Interestingly, systolic BP was also linked with monocyte expression. Specifically, we found that 1 mmHg increase in systolic pressure was associated with a 2.4% increase in monocyte levels. This is compelling because monocytes play a central role in inflammasome activation and cardiovascular disease46,47 and the differentiated macrophage is the most abundant cell in atherosclerotic plaques48,49. Importantly, monocytes from hypertensive versus healthy individuals show significant increases in IL-1β and TNF-α secretion, indicating monocytes are preactivated in patients with increased blood pressure50 and compared with normal individuals, patients with essential hypertension show a significant increase in monocyte migration51, which is an early step in the atherosclerotic process52.

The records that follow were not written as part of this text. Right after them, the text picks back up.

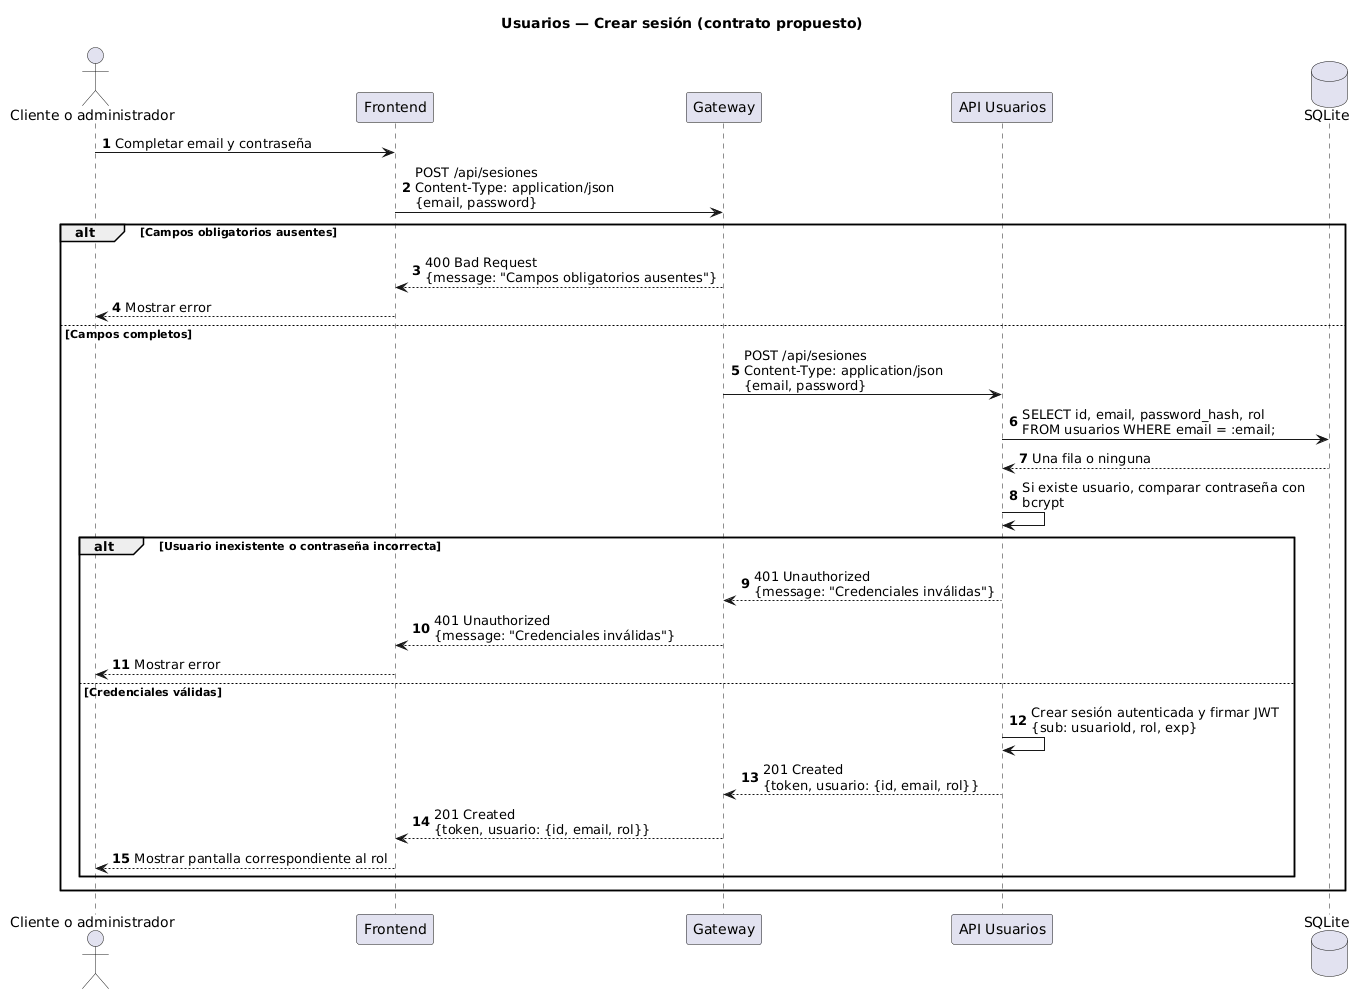

The diagram above was rendered by PlantUML. Its source (embedded in the PNG):
@startuml
skinparam defaultFontName SansSerif
skinparam shadowing false
skinparam maxMessageSize 300
autonumber
title Usuarios — Crear sesión (contrato propuesto)
actor "Cliente o administrador" as U
participant "Frontend" as F
participant "Gateway" as G
participant "API Usuarios" as A
database "SQLite" as D
U -> F: Completar email y contraseña
F -> G: POST /api/sesiones\nContent-Type: application/json\n{email, password}
alt Campos obligatorios ausentes
 G --> F: 400 Bad Request\n{message: "Campos obligatorios ausentes"}
 F --> U: Mostrar error
else Campos completos
 G -> A: POST /api/sesiones\nContent-Type: application/json\n{email, password}
 A -> D: SELECT id, email, password_hash, rol\nFROM usuarios WHERE email = :email;
 D --> A: Una fila o ninguna
 A -> A: Si existe usuario, comparar contraseña con bcrypt
 alt Usuario inexistente o contraseña incorrecta
  A --> G: 401 Unauthorized\n{message: "Credenciales inválidas"}
  G --> F: 401 Unauthorized\n{message: "Credenciales inválidas"}
  F --> U: Mostrar error
 else Credenciales válidas
  A -> A: Crear sesión autenticada y firmar JWT\n{sub: usuarioId, rol, exp}
  A --> G: 201 Created\n{token, usuario: {id, email, rol}}
  G --> F: 201 Created\n{token, usuario: {id, email, rol}}
  F --> U: Mostrar pantalla correspondiente al rol
 end
end
@enduml

Whereas most air pollution health studies have focused on adults, some of which already have overt clinical cardiac disease, a strength of our study was the inclusion of participants in a young age group, allowing us to investigate air pollution effects on cardiovascular and immune functioning before clinical symptomatology. The Fresno cohorts have been previously studied and are well-characterized using rigorous and validated measures previously described13,15,33. The children in our study were primarily Hispanic (77%), representing the largest and rapidly growing minority group of youth in the United States and experience more health disparities than non-Hispanic white children53, especially in California where they are exposed to higher traffic-related pollution levels than non-Hispanic children54. Moreover, prevalence for uncontrolled hypertension is greater for Hispanic adults compared with other races and ethnicities in the U.S.55, increasing the importance to determine preclinical risk as children exposed to elevated air pollution progresses into adulthood. Another strength was our cross-sectional design, measuring the prevalence for several pollution endpoints over time, and allowing an analysis of how various air pollution exposure levels and pollution types (most studies to date have focused on a single pollutant type). Cross-sectional studies have been used to determine major findings in the field of air pollution and health56,57, with a large population-based study demonstrated significant associations between air pollution and stroke and CVDs in adults58. Finally, this is the first time that CyTOF was utilized to immunophenotype cells in a pollution study. CyTOF is superior in both data acquisition and biostatistical analysis than traditional flow cytometry59, and enable us to simultaneously analyze many immune cell markers simultaneously.

Our pollution estimates were based on the levels outside the children’s’ homes. However, most studies of air pollution health effects have used similar methods because personal exposure monitoring to measure both indoor and outdoor exposures is not feasible for long study periods. In addition, exposure averages at 12 months were less reliable because of the small exposure contrast over this time period in a single city. Also, clinical outcomes were generally based on parental reports of a physician’s previous diagnosis of their children, and a cross-sectional analysis did not allow us to examine multiple BP measurements over time because hypertension is clinically diagnosed as elevated BP readings (> 130/80) across 3 timepoints. A study of longer duration would have provided a more comprehensive picture of the effects of air pollution on children’s health. Lastly, our two-step statistical approach of PLS feature selection followed by ordinary least squares for inference may have inflated reported P values through overfitting, making the multilinear regression models exploratory.

In conclusion, we find that air pollution exposure is linked to methylation of immunoregulatory genes, immune cell profiles and blood pressure, suggesting that even at a young age, the immune and cardiovascular systems are negatively impacted by air pollution.